Le meilleur coup de la Commission aura été d’enseigner au public et aux médias les rouages et les stratagèmes de la corruption. Pour le reste, plusieurs gestes sont demeurés impunis selon lui.

ET

«Tous ceux qui ont plaidé coupables ont eu des sentences. Tous ceux qui ont défié les enquêtes de l’UPAC s’en sont tous tirés à 99 %.»

Sonia LeBel, ancienne procureure en chef de la Commission, a marqué les esprits lors de l’interrogatoire de Michel Arseneault à la Commission Charbonneau. Si c’était à refaire, elle éviterait de claquer des doigts pour ramener à l’ordre l’ex-président de la FTQ.

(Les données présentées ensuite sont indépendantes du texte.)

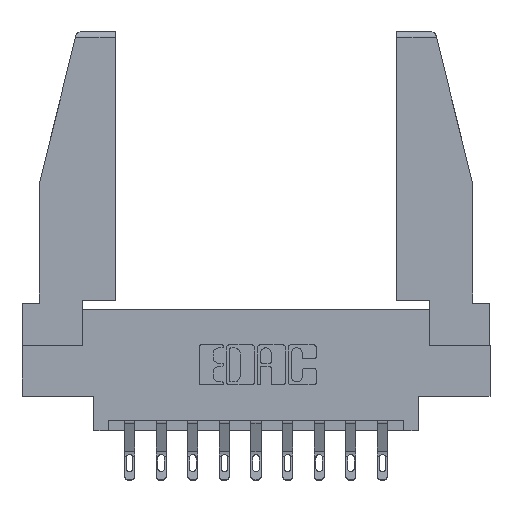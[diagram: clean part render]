
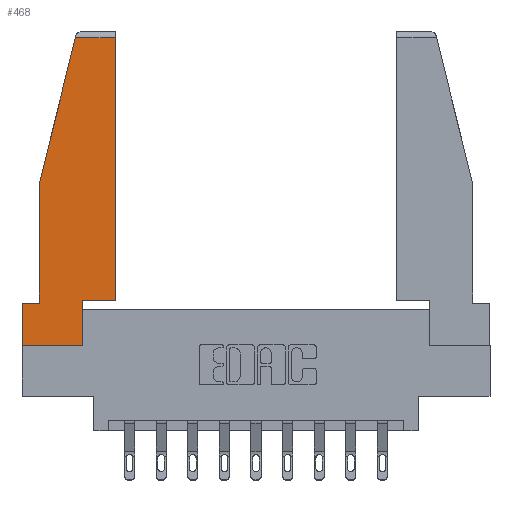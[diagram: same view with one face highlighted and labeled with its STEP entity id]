
A CAD part, top view. The second image highlights one B-rep face of the part: STEP entity #468.
In plain terms, the highlighted planar face has unit normal (0, 0, 1).
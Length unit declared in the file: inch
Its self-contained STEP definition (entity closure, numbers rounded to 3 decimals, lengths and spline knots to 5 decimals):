
#134 = DIRECTION ( 'NONE',  ( 1., 0., 0. ) ) ;
#190 = EDGE_CURVE ( 'NONE', #3802, #4904, #9998, .T. ) ;
#326 = ORIENTED_EDGE ( 'NONE', *, *, #13971, .T. ) ;
#377 = VECTOR ( 'NONE', #6963, 39.37008 ) ;
#410 = VERTEX_POINT ( 'NONE', #5505 ) ;
#468 = ADVANCED_FACE ( 'NONE', ( #8599 ), #13635, .T. ) ;
#589 = DIRECTION ( 'NONE',  ( 0., 0., 1. ) ) ;
#606 = EDGE_CURVE ( 'NONE', #7793, #5995, #9468, .T. ) ;
#1019 = VERTEX_POINT ( 'NONE', #12729 ) ;
#1184 = LINE ( 'NONE', #6480, #2341 ) ;
#1238 = LINE ( 'NONE', #12442, #6698 ) ;
#1592 = VERTEX_POINT ( 'NONE', #9411 ) ;
#1684 = CARTESIAN_POINT ( 'NONE',  ( 0., 0., 0. ) ) ;
#1825 = CARTESIAN_POINT ( 'NONE',  ( 0.297, 0., 0. ) ) ;
#2101 = LINE ( 'NONE', #13686, #3408 ) ;
#2250 = LINE ( 'NONE', #2481, #6705 ) ;
#2341 = VECTOR ( 'NONE', #5546, 39.37008 ) ;
#2481 = CARTESIAN_POINT ( 'NONE',  ( 0.086, 0.8, 0. ) ) ;
#2839 = EDGE_CURVE ( 'NONE', #4904, #7793, #7417, .T. ) ;
#2886 = EDGE_CURVE ( 'NONE', #5995, #1019, #10702, .T. ) ;
#3231 = DIRECTION ( 'NONE',  ( 1., 0., 0. ) ) ;
#3334 = CARTESIAN_POINT ( 'NONE',  ( 0., 0., 0. ) ) ;
#3408 = VECTOR ( 'NONE', #9316, 39.37008 ) ;
#3802 = VERTEX_POINT ( 'NONE', #8469 ) ;
#3948 = AXIS2_PLACEMENT_3D ( 'NONE', #10410, #589, #4909 ) ;
#4321 = CARTESIAN_POINT ( 'NONE',  ( 0.297, 0., 0. ) ) ;
#4562 = EDGE_CURVE ( 'NONE', #1592, #12866, #2250, .T. ) ;
#4789 = CARTESIAN_POINT ( 'NONE',  ( 0., 0.21, 0. ) ) ;
#4828 = VERTEX_POINT ( 'NONE', #13674 ) ;
#4904 = VERTEX_POINT ( 'NONE', #1684 ) ;
#4909 = DIRECTION ( 'NONE',  ( 1., 0., 0. ) ) ;
#4976 = VECTOR ( 'NONE', #13483, 39.37008 ) ;
#5088 = DIRECTION ( 'NONE',  ( 0., -1., 0. ) ) ;
#5149 = LINE ( 'NONE', #4789, #4976 ) ;
#5505 = CARTESIAN_POINT ( 'NONE',  ( 0.461, 1.52, 0. ) ) ;
#5546 = DIRECTION ( 'NONE',  ( -1., 0., 0. ) ) ;
#5550 = EDGE_CURVE ( 'NONE', #1019, #410, #2101, .T. ) ;
#5867 = VECTOR ( 'NONE', #5088, 39.37008 ) ;
#5930 = CARTESIAN_POINT ( 'NONE',  ( 0.086, 0.21, 0. ) ) ;
#5995 = VERTEX_POINT ( 'NONE', #13469 ) ;
#6286 = ORIENTED_EDGE ( 'NONE', *, *, #13857, .T. ) ;
#6480 = CARTESIAN_POINT ( 'NONE',  ( 0., 1.52, 0. ) ) ;
#6696 = CARTESIAN_POINT ( 'NONE',  ( 0.297, 0.223, 0. ) ) ;
#6698 = VECTOR ( 'NONE', #9415, 39.37008 ) ;
#6705 = VECTOR ( 'NONE', #13644, 39.37008 ) ;
#6963 = DIRECTION ( 'NONE',  ( 0., 1., 0. ) ) ;
#7417 = LINE ( 'NONE', #3334, #11737 ) ;
#7532 = ORIENTED_EDGE ( 'NONE', *, *, #2839, .T. ) ;
#7742 = VECTOR ( 'NONE', #134, 39.37008 ) ;
#7793 = VERTEX_POINT ( 'NONE', #1825 ) ;
#8135 = ORIENTED_EDGE ( 'NONE', *, *, #2886, .T. ) ;
#8469 = CARTESIAN_POINT ( 'NONE',  ( 0., 0.21, 0. ) ) ;
#8599 = FACE_OUTER_BOUND ( 'NONE', #12782, .T. ) ;
#9316 = DIRECTION ( 'NONE',  ( 0., 1., 0. ) ) ;
#9411 = CARTESIAN_POINT ( 'NONE',  ( 0.086, 0.8, 0. ) ) ;
#9415 = DIRECTION ( 'NONE',  ( -0.239, -0.971, 0. ) ) ;
#9468 = LINE ( 'NONE', #4321, #377 ) ;
#9745 = ORIENTED_EDGE ( 'NONE', *, *, #606, .T. ) ;
#9998 = LINE ( 'NONE', #10689, #5867 ) ;
#10179 = EDGE_CURVE ( 'NONE', #410, #4828, #1184, .T. ) ;
#10410 = CARTESIAN_POINT ( 'NONE',  ( 0., 0., 0. ) ) ;
#10689 = CARTESIAN_POINT ( 'NONE',  ( 0., 0.21, 0. ) ) ;
#10702 = LINE ( 'NONE', #6696, #7742 ) ;
#10905 = ORIENTED_EDGE ( 'NONE', *, *, #10179, .T. ) ;
#11737 = VECTOR ( 'NONE', #3231, 39.37008 ) ;
#12442 = CARTESIAN_POINT ( 'NONE',  ( 0.271, 1.55, 0. ) ) ;
#12729 = CARTESIAN_POINT ( 'NONE',  ( 0.461, 0.223, 0. ) ) ;
#12782 = EDGE_LOOP ( 'NONE', ( #13659, #10905, #326, #13186, #6286, #12906, #7532, #9745, #8135 ) ) ;
#12866 = VERTEX_POINT ( 'NONE', #5930 ) ;
#12906 = ORIENTED_EDGE ( 'NONE', *, *, #190, .T. ) ;
#13186 = ORIENTED_EDGE ( 'NONE', *, *, #4562, .T. ) ;
#13469 = CARTESIAN_POINT ( 'NONE',  ( 0.297, 0.223, 0. ) ) ;
#13483 = DIRECTION ( 'NONE',  ( -1., 0., 0. ) ) ;
#13635 = PLANE ( 'NONE',  #3948 ) ;
#13644 = DIRECTION ( 'NONE',  ( 0., -1., 0. ) ) ;
#13659 = ORIENTED_EDGE ( 'NONE', *, *, #5550, .T. ) ;
#13674 = CARTESIAN_POINT ( 'NONE',  ( 0.2636, 1.52, 0. ) ) ;
#13686 = CARTESIAN_POINT ( 'NONE',  ( 0.461, 0.223, 0. ) ) ;
#13857 = EDGE_CURVE ( 'NONE', #12866, #3802, #5149, .T. ) ;
#13971 = EDGE_CURVE ( 'NONE', #4828, #1592, #1238, .T. ) ;

«Comme personne et citoyenne, j’étais exaspérée», a raconté celle qui est aujourd’hui présidente du Conseil du Trésor au sein du gouvernement Legault.

«J’étais déçue de moi-même, mais en même temps, si je l’ai fait, c’est parce que je l’ai ressenti», a-elle expliqué au micro de Sophie Durocher sur QUB Radio.

Et dix ans après les travaux, Sonia LeBel estime que le jeu en valait la chandelle. C’est à la suite des audiences que l’Autorité des marchés publics a notamment été mise en place.

«Si les gens sont au point de vue des condamnations au criminel et d’aller faire payer les coupables entre guillemets, je peux comprendre la déception des gens, mais ce n’était pas l’objectif de la Commission», a-t-elle insisté.